How long can I use a non US vehicle in Florida before having to re register it?

I am planning on shipping a couple of my motorbikes out having discovered I can ship for less than 500 quid.

Is there is time limit before I would be required to re-register them?

Which licence would I ride them on?


----------



## PDXnative (Aug 5, 2008)

You cannot bring a vehicle into the US, unless it meets EPA requirements, which are pretty strict, or if the vehicle is at least 21 years old. You can read all about it here:

Automotive Imports Facts Manual | Importing Vehicles and Engines | US EPA


----------



## Do28 (Dec 21, 2010)

The bike is a 97 and is an ex military Harley Davidson which meets the California emissions standards. There are already at least a dozen of them in the USA that I have restored and sold to the US over the last year. I restore them in my spare time.

They were used by both the US and British Military.


----------



## twostep (Apr 3, 2008)

What basis do you plan to register the bikes on? Start with FL DMV's site please.


----------



## goodman (Oct 3, 2009)

flybe said:


> How long can I use a non US vehicle in Florida before having to re register it?
> 
> I am planning on shipping a couple of my motorbikes out having discovered I can ship for less than 500 quid.
> 
> ...


We made the big mistake of shipping our vehicle & Harley Davidson from UK to California.
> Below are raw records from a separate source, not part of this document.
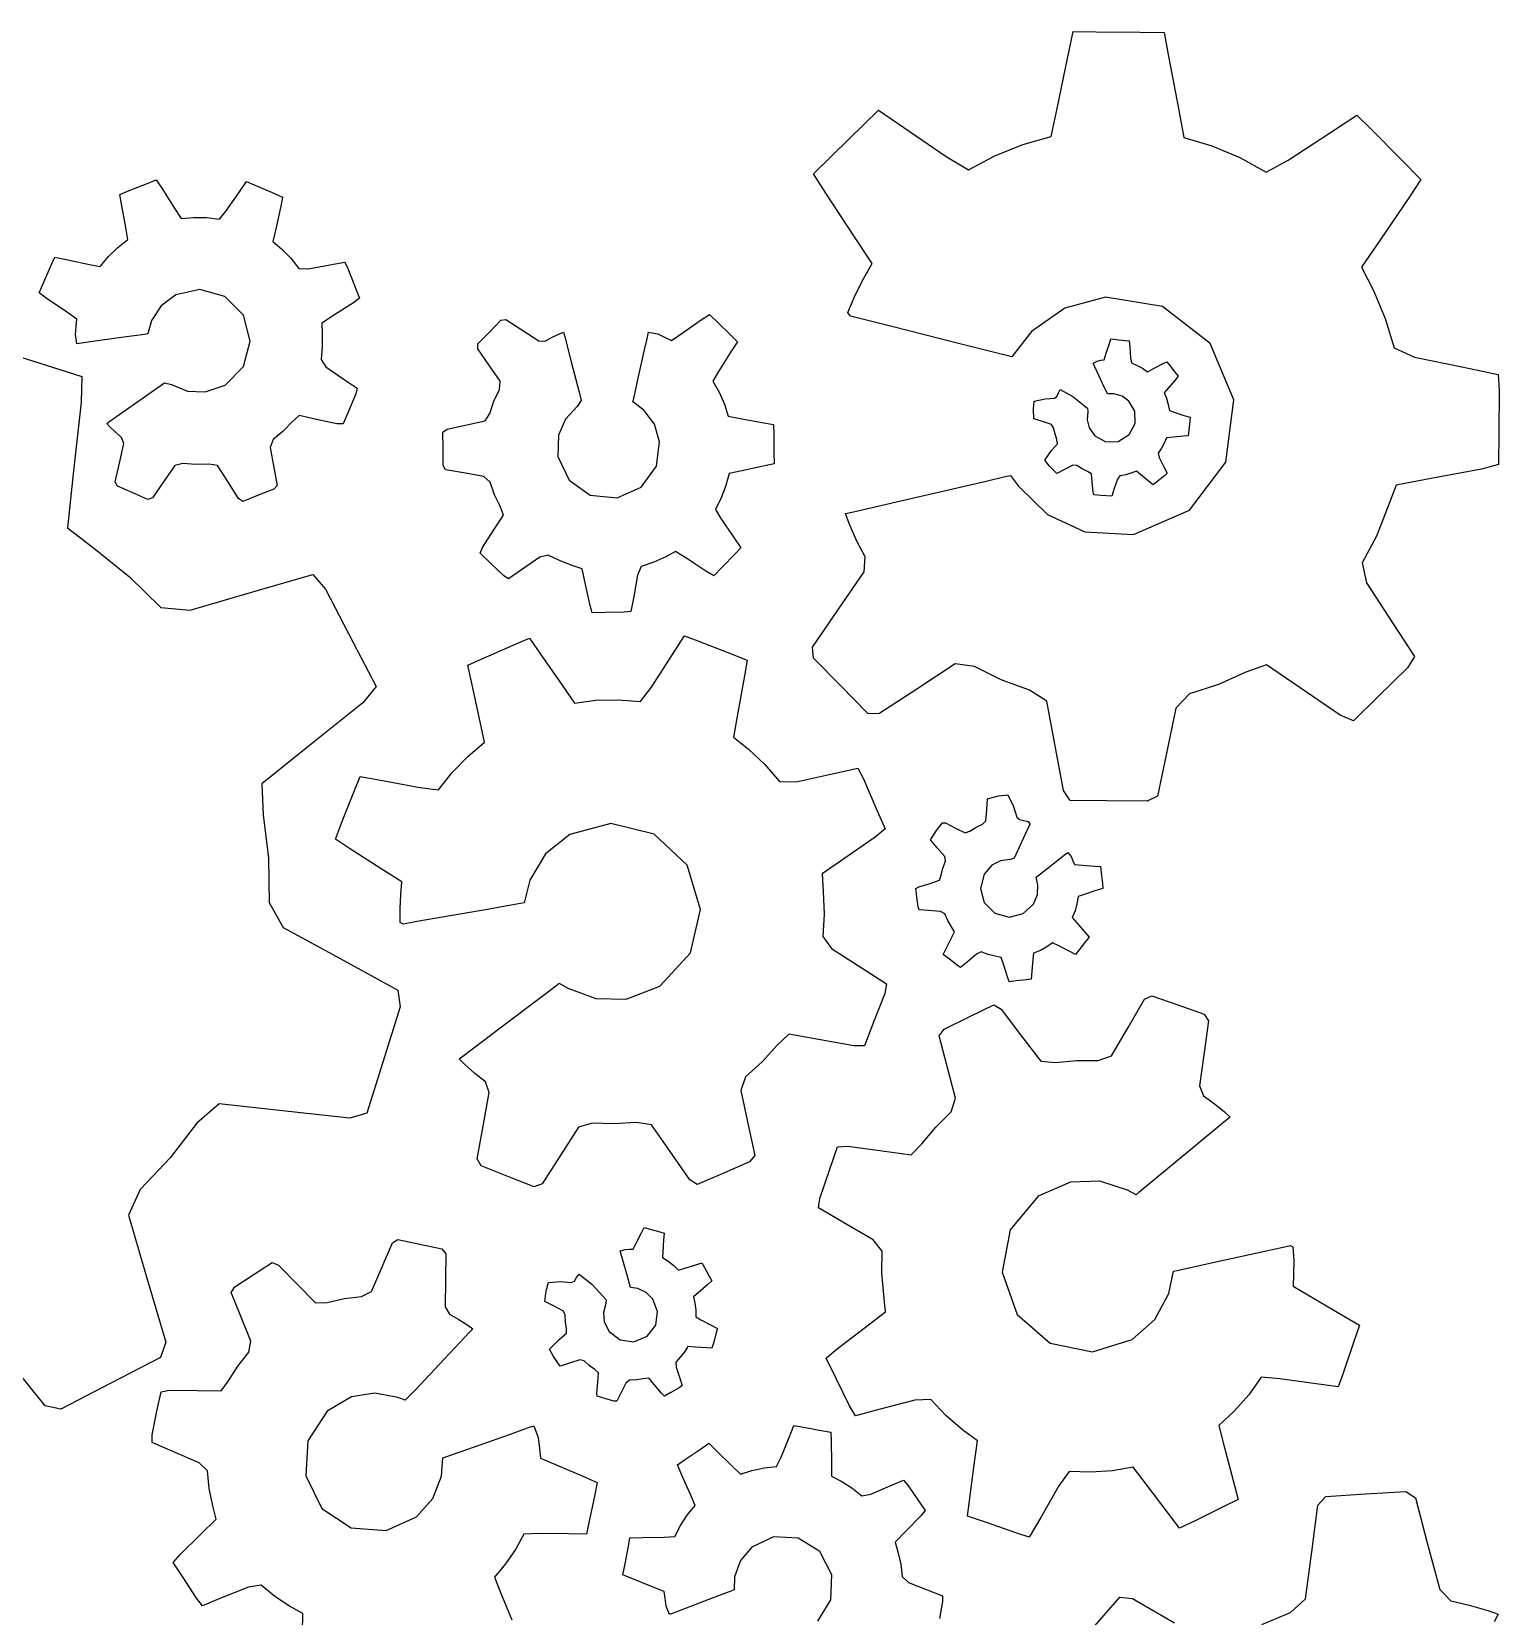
# Model space of a CAD drawing. Header units: metres. Extents: x 300 to 1036, y 0 to 304.
# Drawn here: x 406.32 to 419.23, y 209.87 to 223.8 of the extents above; entities that cross this region are included whole.
import ezdxf

# ---------------------------------------------------------------- set-up
doc = ezdxf.new("R2010")
doc.units = ezdxf.units.M

msp = doc.modelspace()

# ---------------------------------------------------------------- linework, layer by layer
at = {"layer": 'COMPONENT2'}
for p, q in [((415.43, 223.566), (415.479, 223.802)), ((415.479, 223.802), (415.683, 223.8)), ((415.683, 223.8), (416.066, 223.796)), ((416.066, 223.796), (416.28, 223.794)), ((416.28, 223.794), (416.322, 223.568)), ((415.338, 223.126), (415.43, 223.566)), ((416.322, 223.568), (416.405, 223.127)), ((415.287, 222.881), (415.338, 223.126)), ((416.405, 223.127), (416.453, 222.871)), ((413.367, 222.72), (413.639, 222.987)), ((413.639, 222.987), (413.768, 223.112)), ((413.768, 223.112), (413.992, 222.959)), ((417.742, 222.916), (417.975, 223.069)), ((417.975, 223.069), (418.097, 222.949)), ((413.992, 222.959), (414.364, 222.705)), ((415.036, 222.809), (415.287, 222.881)), ((416.453, 222.871), (416.699, 222.797)), ((417.369, 222.672), (417.742, 222.916)), ((418.097, 222.949), (418.364, 222.677)), ((413.197, 222.553), (413.367, 222.72)), ((414.558, 222.587), (414.79, 222.71)), ((414.79, 222.71), (415.036, 222.809)), ((416.699, 222.797), (416.945, 222.695)), ((414.364, 222.705), (414.558, 222.587)), ((416.945, 222.695), (417.177, 222.567)), ((417.177, 222.567), (417.369, 222.672)), ((418.364, 222.677), (418.536, 222.501)), ((407.179, 222.405), (407.333, 222.465)), ((407.333, 222.465), (407.418, 222.499)), ((407.418, 222.499), (407.472, 222.416)), ((408.144, 222.386), (408.212, 222.484)), ((408.212, 222.484), (408.28, 222.456)), ((408.28, 222.456), (408.43, 222.39)), ((413.305, 222.383), (413.197, 222.553)), ((418.536, 222.501), (418.432, 222.342)), ((407.097, 222.372), (407.179, 222.405)), ((407.116, 222.271), (407.097, 222.372)), ((407.472, 222.416), (407.576, 222.254)), ((408.034, 222.228), (408.144, 222.386)), ((408.43, 222.39), (408.527, 222.348)), ((408.527, 222.348), (408.512, 222.268)), ((413.551, 222.007), (413.305, 222.383)), ((418.432, 222.342), (418.182, 221.976)), ((407.15, 222.08), (407.116, 222.271)), ((407.576, 222.254), (407.637, 222.159)), ((407.637, 222.159), (407.747, 222.169)), ((407.747, 222.169), (407.861, 222.168)), ((407.861, 222.168), (407.974, 222.155)), ((407.974, 222.155), (408.034, 222.228)), ((408.512, 222.268), (408.471, 222.081)), ((407.169, 221.974), (407.15, 222.08)), ((408.471, 222.081), (408.444, 221.957)), ((406.999, 221.826), (407.081, 221.905)), ((407.081, 221.905), (407.169, 221.974)), ((408.444, 221.957), (408.518, 221.892)), ((408.518, 221.892), (408.6, 221.811)), ((413.711, 221.764), (413.551, 222.007)), ((418.182, 221.976), (418.015, 221.731)), ((406.43, 221.6), (406.495, 221.75)), ((406.495, 221.75), (406.527, 221.821)), ((406.527, 221.821), (406.641, 221.796)), ((406.641, 221.796), (406.83, 221.755)), ((406.83, 221.755), (406.926, 221.739)), ((406.926, 221.739), (406.999, 221.826)), ((408.6, 221.811), (408.673, 221.721)), ((408.757, 221.717), (408.943, 221.751)), ((408.943, 221.751), (409.075, 221.775)), ((409.075, 221.775), (409.102, 221.72)), ((413.64, 221.635), (413.711, 221.764)), ((406.389, 221.506), (406.43, 221.6)), ((408.673, 221.721), (408.757, 221.717)), ((409.102, 221.72), (409.162, 221.57)), ((413.564, 221.487), (413.64, 221.635)), ((418.015, 221.731), (418.119, 221.528)), ((406.46, 221.455), (406.389, 221.506)), ((406.619, 221.345), (406.46, 221.455)), ((407.589, 221.488), (407.462, 221.392)), ((407.802, 221.536), (407.589, 221.488)), ((408.021, 221.474), (407.802, 221.536)), ((408.184, 221.31), (408.021, 221.474)), ((409.205, 221.46), (409.152, 221.419)), ((409.162, 221.57), (409.205, 221.46)), ((413.498, 221.333), (413.564, 221.487)), ((415.765, 221.467), (415.407, 221.372)), ((416.266, 221.385), (415.765, 221.467)), ((418.119, 221.528), (418.223, 221.282)), ((406.721, 221.274), (406.619, 221.345)), ((407.462, 221.392), (407.377, 221.262)), ((408.994, 221.318), (408.875, 221.241)), ((409.152, 221.419), (408.994, 221.318)), ((412.21, 221.268), (412.282, 221.316)), ((412.282, 221.316), (412.356, 221.245)), ((413.523, 221.301), (413.498, 221.333)), ((415.407, 221.372), (415.112, 221.165)), ((416.684, 221.06), (416.266, 221.385)), ((406.708, 221.14), (406.714, 221.211)), ((406.714, 221.211), (406.721, 221.274)), ((407.377, 221.262), (407.345, 221.146)), ((408.245, 221.08), (408.184, 221.31)), ((408.875, 221.241), (408.877, 221.15)), ((410.347, 221.161), (410.449, 221.267)), ((410.449, 221.267), (410.491, 221.272)), ((410.491, 221.272), (410.633, 221.18)), ((410.633, 221.18), (410.781, 221.085)), ((412.051, 221.157), (412.21, 221.268)), ((412.356, 221.245), (412.474, 221.131)), ((413.605, 221.28), (413.523, 221.301)), ((413.662, 221.266), (413.605, 221.28)), ((413.886, 221.209), (413.662, 221.266)), ((414.461, 221.064), (413.886, 221.209)), ((418.223, 221.282), (418.302, 221.023)), ((405.866, 221.053), (406.385, 220.89)), ((406.721, 221.059), (406.708, 221.14)), ((406.782, 221.067), (406.721, 221.059)), ((406.881, 221.081), (406.782, 221.067)), ((407.134, 221.116), (406.881, 221.081)), ((407.314, 221.141), (407.134, 221.116)), ((407.345, 221.146), (407.314, 221.141)), ((408.185, 220.86), (408.245, 221.08)), ((408.877, 221.15), (408.878, 221.035)), ((410.246, 221.057), (410.347, 221.161)), ((410.246, 221.014), (410.246, 221.057)), ((410.781, 221.085), (410.838, 221.082)), ((410.838, 221.082), (410.899, 221.116)), ((410.899, 221.116), (410.962, 221.146)), ((410.962, 221.146), (410.999, 221.161)), ((410.999, 221.161), (411.007, 221.131)), ((411.007, 221.131), (411.067, 220.899)), ((411.711, 221.004), (411.733, 221.101)), ((411.733, 221.101), (411.747, 221.162)), ((411.747, 221.162), (411.827, 221.146)), ((411.827, 221.146), (411.892, 221.115)), ((411.892, 221.115), (411.948, 221.086)), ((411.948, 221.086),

Once they arrived we were told they could only be kept here for a year & then they had to be shipped back (they do not conform to Californian specifications, even the Harley!!!) I don't know if the rules are the same for Florida but I would check this out before shipping your motorbikes. We also had to register the vehicles & get license plates almost immediately. The whole process was complicated & a hassle and we just wish we hadn't bothered plus the expense of shipping them back & trying to sell them in the UK when we are in the US.


----------



## Do28 (Dec 21, 2010)

goodman said:


> We made the big mistake of shipping our vehicle & Harley Davidson from UK to California. Once they arrived we were told they could only be kept here for a year & then they had to be shipped back (they do not conform to Californian specifications, even the Harley!!!) I don't know if the rules are the same for Florida but I would check this out before shipping your motorbikes. We also had to register the vehicles & get license plates almost immediately. The whole process was complicated & a hassle and we just wish we hadn't bothered plus the expense of shipping them back & trying to sell them in the UK when we are in the US.


Well after much messing around finally got the all important EPA paperwork from the various bikes manufacturers. I managed to get 2 out of 3 bikes I wanted to bring with me issued with the correct paperwork. The 3rd is going to have to go in storage.

To get the paperwork for the Harley and the Suzuki I needed to provide a copy of the logbooks for each bike to customer services at HD and Suzuki. They then use the frame and engine numbers to see if the bikes are on the NHTSA list of bikes that can be imported into the USA. If they are on the list then they issue a certificate of compliance to state that they can be imported and meet the EPA regulations. This is then given to the import company in order to get them cleared through customs. Once through customs you get a paperwork pack to take to the DMV. My Yamaha did not have a direct USA equivalent so I can't get the paperwork for it.

It should be noted that there are special versions of motorcycles for use in California so a bike that may be allowed to be imported to the USA and used in other states may not be allowed to be used in California on a permanent basis. 

Once in Florida the bikes are subject to the 6% use tax even if you have owned them more than 6 months but it is based on current value not original value and items over a certain age are given a zero value. So worse case looks like one is free of tax and the other is a couple of hundred dollars. Much better than selling and starting again.


----------